Когда речь шла о расширении его репертуара, деньги для Рудольфа значения не имели. И он соглашался сотрудничать с маленькими коллективами за значительно меньший «гостевой» гонорар, чем ставшие уже привычными для него три тысячи долларов. Так было и в случае с труппой ван Данцига. «Что значит “репетиция завтра”? – вопрошал Рудольф, прибыв в Амстердам раньше срока. – Не завтра, а сейчас, сию минуту!» Рудольф рвался танцевать роль юноши, восстанавливающего в череде ретроспективных картин свою полную страданий жизнь: невинную привязанность к маленькой девочке, неприязнь соучеников, неудачную сексуальную связь с женщиной, подлинную страсть к однополому другу. Балет можно было рассматривать как аллегорию пробуждения в человеке гомосексуальности. Привлеченный дерзостью как темы, так и стиля танца, Рудольф потребовал от ван Данцига уточнений.
«Расскажите мне, о чем этот балет? Герой любит мальчиков?»
«Нет, – последовал ответ, – это юноша, который еще не уверен, кто его привлекает – девочки или другие мальчики. Его преследуют кошмарные впечатления и испытания». Ван Данциг не сомневался, что эта тема резонирует с жизненным опытом самого Нуреева. Но скоро понял, что Рудольфу было неинтересно бередить прошлые конфликты.

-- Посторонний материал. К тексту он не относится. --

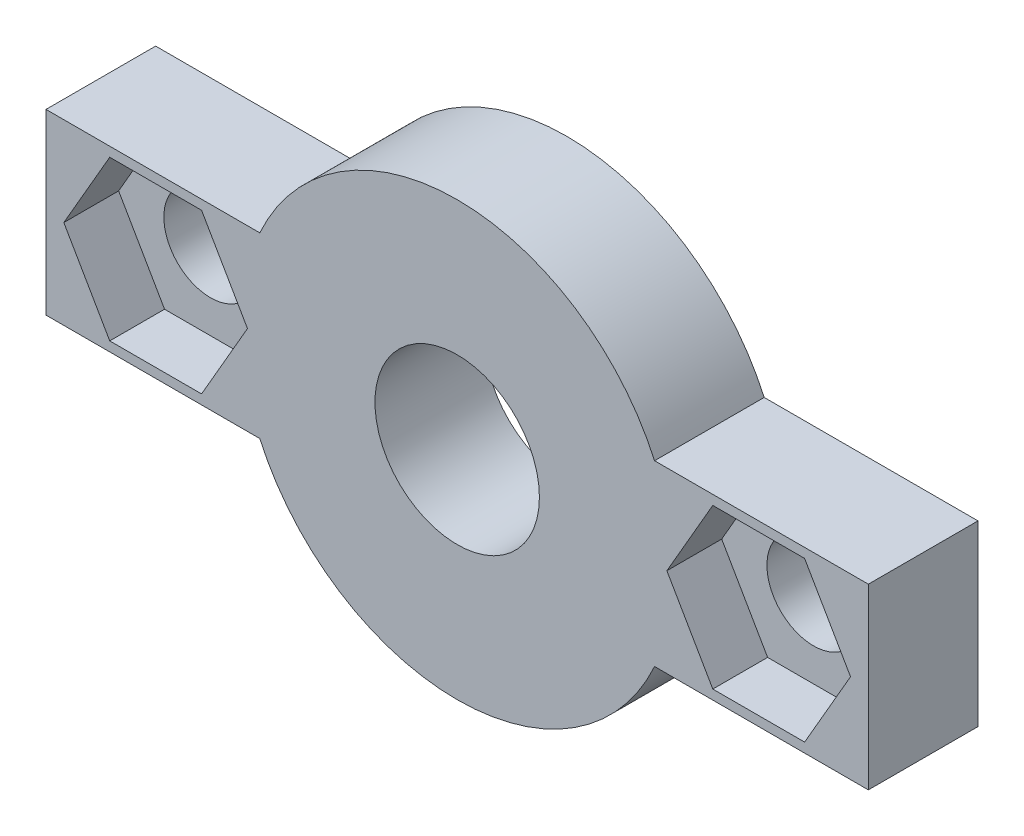
SolidWorks part; units mm, degrees
ref_plane "Alzado" through (0, 0, 0) normal (0, 0, 1) x (1, 0, 0)
ref_plane "Planta" through (0, 0, 0) normal (0, 1, 0) x (1, 0, 0)
ref_plane "Vista lateral" through (0, 0, 0) normal (1, 0, 0) x (0, 0, -1)
sketch "Croquis1" plane through (0, 0, 0) normal (0, 0, 1) x (1, 0, 0)
  line L0 (-7.2005, 3.25) -> (-15, 3.25)
  line L1 (15, -3.25) -> (7.2005, -3.25)
  line L2 (15, -3.25) -> (15, 3.25)
  line L3 (15, 3.25) -> (7.2005, 3.25)
  line L4 (-15, -3.25) -> (-15, 3.25)
  line L5 (15, -3.25) -> (-15, 3.25) construction
  line L6 (15, 3.25) -> (-15, -3.25) construction
  line L9 (-7.2005, -3.25) -> (-15, -3.25)
  arc A0 (-7.2005, -3.25) -> (7.2005, -3.25) centre (0, 0) ccw
  circle A1 centre (0, 0) radius 3
  arc A2 (7.2005, 3.25) -> (-7.2005, 3.25) centre (0, 0) ccw
  dimension "D3" = 6
  dimension "D4" = 7.9
  dimension "D1" = 30
  dimension "D2" = 6.5
extrude "Saliente-Extruir1" add sketch "Croquis1" along normal blind 4
sketch "Croquis2" plane through (0, 0, 4) normal (0, 0, 1) x (1, 0, 0)
  line L0 (-11, 0) -> (11, 0) construction
  line L1 (-15, -3.25) -> (-7.2005, -3.25) construction
  line L2 (-14.35, 0) -> (-12.675, -2.9012)
  line L3 (-12.675, -2.9012) -> (-9.325, -2.9012)
  line L4 (-9.325, -2.9012) -> (-7.65, 0)
  line L5 (-7.65, 0) -> (-9.325, 2.9012)
  line L6 (-9.325, 2.9012) -> (-12.675, 2.9012)
  line L7 (-12.675, 2.9012) -> (-14.35, 0)
  line L8 (14.35, 0) -> (12.675, 2.9012)
  line L9 (12.675, 2.9012) -> (9.325, 2.9012)
  line L10 (9.325, 2.9012) -> (7.65, 0)
  line L11 (7.65, 0) -> (9.325, -2.9012)
  line L12 (9.325, -2.9012) -> (12.675, -2.9012)
  line L13 (12.675, -2.9012) -> (14.35, 0)
  circle A2 centre (-11, 0) radius 3.35 construction
  circle A3 centre (11, 0) radius 3.35 construction
  point P2 (0, 0)
  dimension "D1" = 6.7
  dimension "D2" = 22
extrude "Cortar-Extruir1" cut sketch "Croquis2" against normal blind 2
sketch "Croquis3" plane through (0, 0, 4) normal (0, 0, 1) x (1, 0, 0)
  line L1 (-11, 0) -> (11, 0) construction
  circle A0 centre (-11, 0) radius 1.7
  circle A1 centre (11, 0) radius 1.7
  point P9 (0, 0)
  dimension "D1" = 3.4
  dimension "D2" = 22
extrude "Cortar-Extruir2" cut sketch "Croquis3" against normal blind 10

«Это глупый юноша», – заявил он.
Хотя исполнение Нуреева имело большой успех, оно противоречило концепции ван Данцига. Ему балет виделся историей о юноше, «очень робком и беззащитном в жизни. Антигерое. А Рудольф таковым не хотел и даже не пытался стать. Его воспитали быть героем. Советский балет создавался неординарными личностями». Всегда внимательный к публике, Рудольф настоял на исполнении в той же программе па-де-де из «Щелкунчика», чтобы зрители смогли его увидеть в знакомой классической роли. «Я должен думать о своей репутации», – пояснил он.
Еще одной новой работой того сезона стал балет «Пелеас и Мелисанда» Ролана Пети, увы, не вызвавший того фурора, что произвел его «Потерянный рай». Созданный под дуэт Нуреева и Фонтейн, этот балет на музыку Шёнберга был впервые показан в марте 1969 года на гала-представлении в честь 35-летия сценической деятельности Марго – замечательной вехи в карьере балерины. Сама Фонтейн приближалась к пятидесятилетнему юбилею. Премьеру балета почтила своим присутствием сама королева. Смотрел ее и Сесил Битон, заклеймивший потом балет как «претенциозный и утомительный… безобразную акробатику – ерзанье по полу на задницах». И, увы, он выразил почти общее мнение. «Настоящее зрелище» Битон, как и многие другие в зале, увидел «в самом конце, когда артистов вызывали на поклон». То, что эти вызовы для Марго и Рудольфа были столь же привычны, как и их плие, Битон открыл для себя через несколько дней, когда лорд Дрохеда, председатель «Ковент-Гардена», провел его за кулисы после «Ромео и Джульетты». «Для меня было подлинным потрясением осознать, как обыденно воспринимают М. и Р. этот компонент своей карьеры, – признался он в своем дневнике. – Довольно походя подхватив цветы и поклонившись почти до самого пола, Марго уходит с ярко освещенной сцены в темноту кулис и под несмолкаемый гром аплодисментов спрашивает Гарретта [лорда Дрохеда]: “Как там Нью-Йорк?” Р. говорит мне: “Давно я вас не видел”. “Где мы будем ужинать? В Шине под Ричмондом. Позвоните Джоан”. “Вас вызывают, Марго”. Она возвращается на сцену. Публика неистовствует. Потом выходит Р. “Кстати, мы едем в Америку – правда, на этот раз только на три месяца”. Там крики, аплодисменты, цветы… А оба танцовщика – теперь плоскостопые человеческие существа, но после вечерней “отработки” пребывающие в приподнятом настроении и слегка возбужденные, с удовольствием переговариваются с друзьями, не обращая внимания на шумиху по другую сторону занавеса».
«Шумиха» сопровождала танцовщиков на протяжении всего тура по Северной Америке. В отзыве об их нью-йоркской премьере «Лебединого озера», в котором Фонтейн к своим пятидесяти годам танцевала больше любой другой балерины, Клайв Барнс отметил особую алхимию дуэта: «…странное, почти невероятное волшебство легенды становится фактом… Бывают времена, когда даже самые истовые почитатели балета сомневаются в том, что можно выразить одним танцем без слов, пускай и поэтически туманных, но всегда соотносимых с конкретными образами. А потом ты смотришь балет Баланчина или Аштона, исполнение Фонтейн и Нуреева и сознаешь вызывающее красноречие молчания».